Take every line from the data that has the word "message" in it.
────────
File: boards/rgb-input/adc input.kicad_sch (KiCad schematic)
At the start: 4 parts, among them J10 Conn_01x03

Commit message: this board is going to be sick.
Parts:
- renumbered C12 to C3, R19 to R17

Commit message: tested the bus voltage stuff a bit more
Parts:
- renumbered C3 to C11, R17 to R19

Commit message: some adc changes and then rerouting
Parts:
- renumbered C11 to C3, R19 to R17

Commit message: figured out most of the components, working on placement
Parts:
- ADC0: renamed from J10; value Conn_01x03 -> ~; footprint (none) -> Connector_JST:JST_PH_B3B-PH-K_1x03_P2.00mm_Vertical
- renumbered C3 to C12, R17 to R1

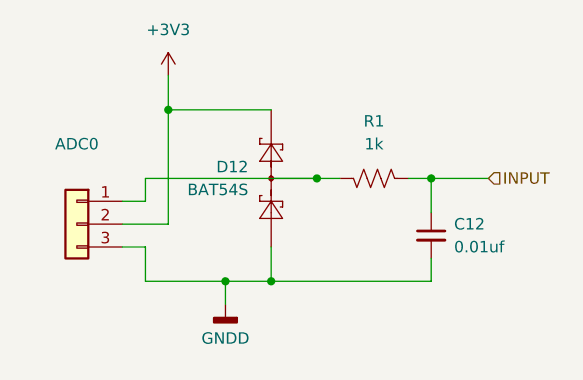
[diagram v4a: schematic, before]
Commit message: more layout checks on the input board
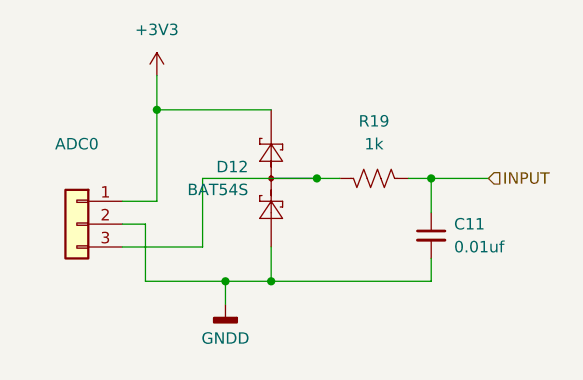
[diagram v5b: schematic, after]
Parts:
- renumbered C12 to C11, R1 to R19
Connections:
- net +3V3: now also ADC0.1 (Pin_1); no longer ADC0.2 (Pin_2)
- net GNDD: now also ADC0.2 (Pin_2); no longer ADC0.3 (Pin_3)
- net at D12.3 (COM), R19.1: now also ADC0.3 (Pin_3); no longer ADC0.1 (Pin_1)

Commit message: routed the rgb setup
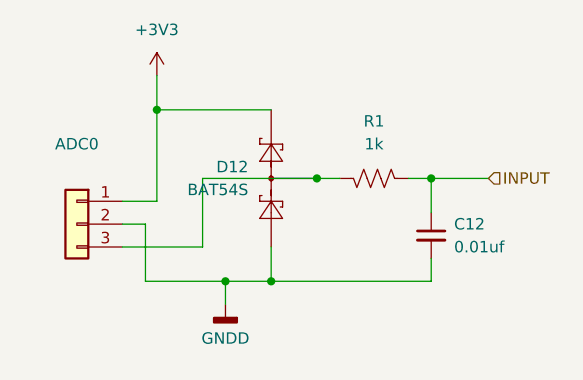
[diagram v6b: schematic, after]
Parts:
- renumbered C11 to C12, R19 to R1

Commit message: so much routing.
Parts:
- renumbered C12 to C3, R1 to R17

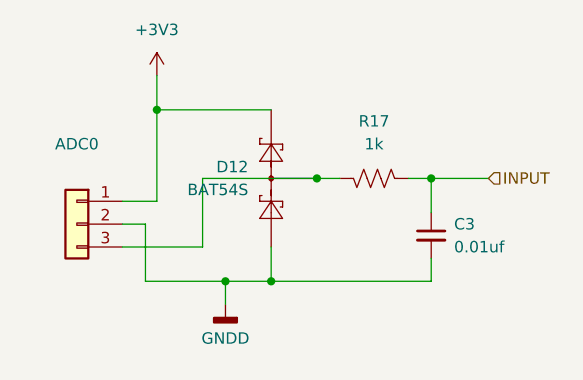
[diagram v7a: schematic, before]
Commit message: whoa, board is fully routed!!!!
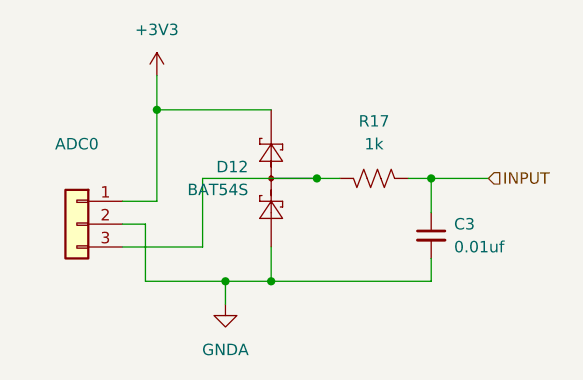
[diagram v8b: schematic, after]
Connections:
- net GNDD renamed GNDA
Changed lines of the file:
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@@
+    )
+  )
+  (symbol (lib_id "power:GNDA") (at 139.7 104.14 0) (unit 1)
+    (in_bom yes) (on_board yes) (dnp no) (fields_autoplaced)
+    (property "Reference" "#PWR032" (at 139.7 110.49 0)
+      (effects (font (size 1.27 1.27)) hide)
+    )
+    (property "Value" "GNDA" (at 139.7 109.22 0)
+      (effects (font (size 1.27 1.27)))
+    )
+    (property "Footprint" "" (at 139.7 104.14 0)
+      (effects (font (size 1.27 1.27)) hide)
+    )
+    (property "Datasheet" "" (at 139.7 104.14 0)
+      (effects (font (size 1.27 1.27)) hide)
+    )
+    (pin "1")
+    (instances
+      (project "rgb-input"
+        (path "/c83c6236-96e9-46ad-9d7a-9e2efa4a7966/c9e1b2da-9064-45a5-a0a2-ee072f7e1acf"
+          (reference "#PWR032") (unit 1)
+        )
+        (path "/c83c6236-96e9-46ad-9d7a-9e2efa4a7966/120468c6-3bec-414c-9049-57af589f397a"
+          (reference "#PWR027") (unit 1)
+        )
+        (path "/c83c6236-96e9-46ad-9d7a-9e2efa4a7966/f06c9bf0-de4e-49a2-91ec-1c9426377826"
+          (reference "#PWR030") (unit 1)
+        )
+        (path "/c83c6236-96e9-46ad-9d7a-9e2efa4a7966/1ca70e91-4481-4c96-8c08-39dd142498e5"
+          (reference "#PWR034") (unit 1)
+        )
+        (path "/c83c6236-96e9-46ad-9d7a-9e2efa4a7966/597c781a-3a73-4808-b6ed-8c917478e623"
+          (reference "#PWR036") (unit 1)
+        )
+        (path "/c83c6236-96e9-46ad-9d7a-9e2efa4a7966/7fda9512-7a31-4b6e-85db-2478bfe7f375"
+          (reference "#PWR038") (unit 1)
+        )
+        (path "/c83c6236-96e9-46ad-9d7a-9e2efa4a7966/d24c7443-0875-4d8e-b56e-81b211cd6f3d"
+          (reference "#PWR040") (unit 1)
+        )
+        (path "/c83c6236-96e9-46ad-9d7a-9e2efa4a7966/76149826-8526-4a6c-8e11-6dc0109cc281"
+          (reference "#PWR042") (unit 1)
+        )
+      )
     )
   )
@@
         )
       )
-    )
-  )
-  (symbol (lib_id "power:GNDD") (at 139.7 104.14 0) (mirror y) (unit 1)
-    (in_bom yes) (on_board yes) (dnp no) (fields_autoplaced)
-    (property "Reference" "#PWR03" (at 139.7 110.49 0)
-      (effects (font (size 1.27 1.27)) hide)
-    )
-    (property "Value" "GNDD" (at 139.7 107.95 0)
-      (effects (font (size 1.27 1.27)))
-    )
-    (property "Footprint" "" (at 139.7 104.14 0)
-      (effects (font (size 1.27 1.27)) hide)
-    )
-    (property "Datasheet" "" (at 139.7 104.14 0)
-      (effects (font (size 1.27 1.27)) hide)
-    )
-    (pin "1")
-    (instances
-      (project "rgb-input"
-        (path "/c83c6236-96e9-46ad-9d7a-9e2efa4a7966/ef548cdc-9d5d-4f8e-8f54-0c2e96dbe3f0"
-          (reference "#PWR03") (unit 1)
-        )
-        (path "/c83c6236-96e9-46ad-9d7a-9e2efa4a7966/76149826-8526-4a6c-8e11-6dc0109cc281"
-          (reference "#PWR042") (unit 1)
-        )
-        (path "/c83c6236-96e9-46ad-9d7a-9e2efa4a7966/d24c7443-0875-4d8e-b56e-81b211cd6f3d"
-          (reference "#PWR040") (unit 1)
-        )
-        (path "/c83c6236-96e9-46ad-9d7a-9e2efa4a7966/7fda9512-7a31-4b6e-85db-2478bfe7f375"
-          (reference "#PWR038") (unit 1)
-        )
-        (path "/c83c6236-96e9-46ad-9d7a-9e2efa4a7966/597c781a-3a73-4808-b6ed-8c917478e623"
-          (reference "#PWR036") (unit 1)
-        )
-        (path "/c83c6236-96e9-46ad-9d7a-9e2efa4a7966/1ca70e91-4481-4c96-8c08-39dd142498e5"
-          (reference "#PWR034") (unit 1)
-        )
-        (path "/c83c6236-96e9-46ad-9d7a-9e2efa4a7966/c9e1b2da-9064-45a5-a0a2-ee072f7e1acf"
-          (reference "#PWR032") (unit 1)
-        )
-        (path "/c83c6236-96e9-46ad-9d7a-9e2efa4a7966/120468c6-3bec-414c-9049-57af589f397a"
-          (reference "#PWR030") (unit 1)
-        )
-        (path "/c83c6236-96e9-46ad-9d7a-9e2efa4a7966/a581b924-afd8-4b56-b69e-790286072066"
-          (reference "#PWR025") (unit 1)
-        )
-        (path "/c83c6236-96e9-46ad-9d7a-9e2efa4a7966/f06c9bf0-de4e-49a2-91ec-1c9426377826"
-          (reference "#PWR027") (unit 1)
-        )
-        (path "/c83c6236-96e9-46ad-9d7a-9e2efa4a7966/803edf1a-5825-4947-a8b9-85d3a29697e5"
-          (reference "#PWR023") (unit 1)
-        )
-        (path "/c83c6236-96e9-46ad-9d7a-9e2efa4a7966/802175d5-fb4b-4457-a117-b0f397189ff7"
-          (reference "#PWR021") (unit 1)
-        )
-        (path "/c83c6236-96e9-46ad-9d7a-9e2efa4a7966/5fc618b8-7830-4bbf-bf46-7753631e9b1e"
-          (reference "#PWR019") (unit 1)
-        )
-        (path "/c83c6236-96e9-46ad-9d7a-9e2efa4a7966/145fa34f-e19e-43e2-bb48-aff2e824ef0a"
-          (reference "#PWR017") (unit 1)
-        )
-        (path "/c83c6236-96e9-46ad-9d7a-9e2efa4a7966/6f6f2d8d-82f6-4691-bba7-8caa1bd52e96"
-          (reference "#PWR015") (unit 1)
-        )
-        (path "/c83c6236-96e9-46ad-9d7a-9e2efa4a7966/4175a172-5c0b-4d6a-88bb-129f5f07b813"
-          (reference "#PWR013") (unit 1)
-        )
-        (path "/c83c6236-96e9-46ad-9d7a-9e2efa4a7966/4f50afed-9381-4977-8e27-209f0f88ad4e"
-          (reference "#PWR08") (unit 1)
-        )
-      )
────────
> **ANSWER TO THE PROBLEM**:
Commit message: this board is going to be sick.
Commit message: tested the bus voltage stuff a bit more
Commit message: some adc changes and then rerouting
Commit message: figured out most of the components, working on placement
Commit message: more layout checks on the input board
Commit message: routed the rgb setup
Commit message: so much routing.
Commit message: whoa, board is fully routed!!!!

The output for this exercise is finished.